S’il y a une morale du livre, c’est qu’on ne devient pas chercheur, ni journaliste, même lorsqu’on prétend quitter sa casquette de chef d’entreprise. A chaque ligne, à chaque page, c’est Google qui parle. Ce n’est déjà pas si mal. Nous voici, nous pauvres lilliputiens, à l’intérieur du cerveau de Google. Gulliver pour la première fois s’exprime.
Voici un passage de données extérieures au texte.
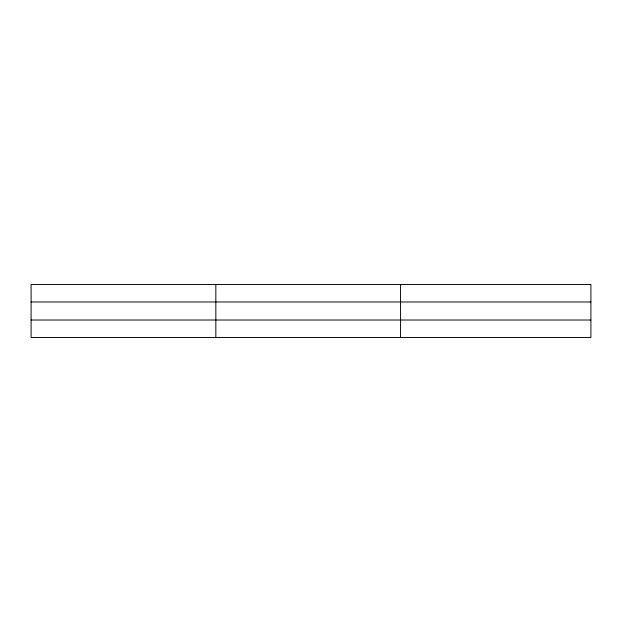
<?xml version="1.0" encoding="UTF-8"?>
<svg xmlns="http://www.w3.org/2000/svg" width="622" height="622" viewBox="0 0 622 622"><rect width="100%" height="100%" fill="white"/><g stroke="black" fill="none" stroke-linecap="round" stroke-linejoin="round"><path stroke-width="0.93" d="M215.834 284.472L215.834 337.528M400.568 284.472L400.568 337.528M590.9 320.019L590.9 337.528L31.1 337.528L31.1 284.472L590.9 284.472L590.9 320.019L31.1 320.019M31.1 301.981L590.9 301.981"/></g></svg>

Tour à tour émerveillé et inquiet, on lit la description future d’un monde finalement plus sombre qu’on ne l’imaginait – plus darwinien aussi (la référence de Schmidt et Cohen à la théorie de l’évolution pour évoquer le nouveau monde digital est frappante). Fort heureusement, Leviathan – qu’on l’appelle Google ou Internet, ils sont ici interchangeables –, est du côté du Bien. L’idée de progrès peut poursuivre sa route. Les vilains du livre menaceront, certes. Mais Leviathan saura corriger ses erreurs. Le Nouvel âge numérique sera globalement positif. Jusqu’au bout, le livre a les stigmates et l’optimisme de l’Amérique. Jusqu’à son happy end.
* Eric Schmidt et Jared Cohen, The New Digital Age (Knopf, non encore traduit en français).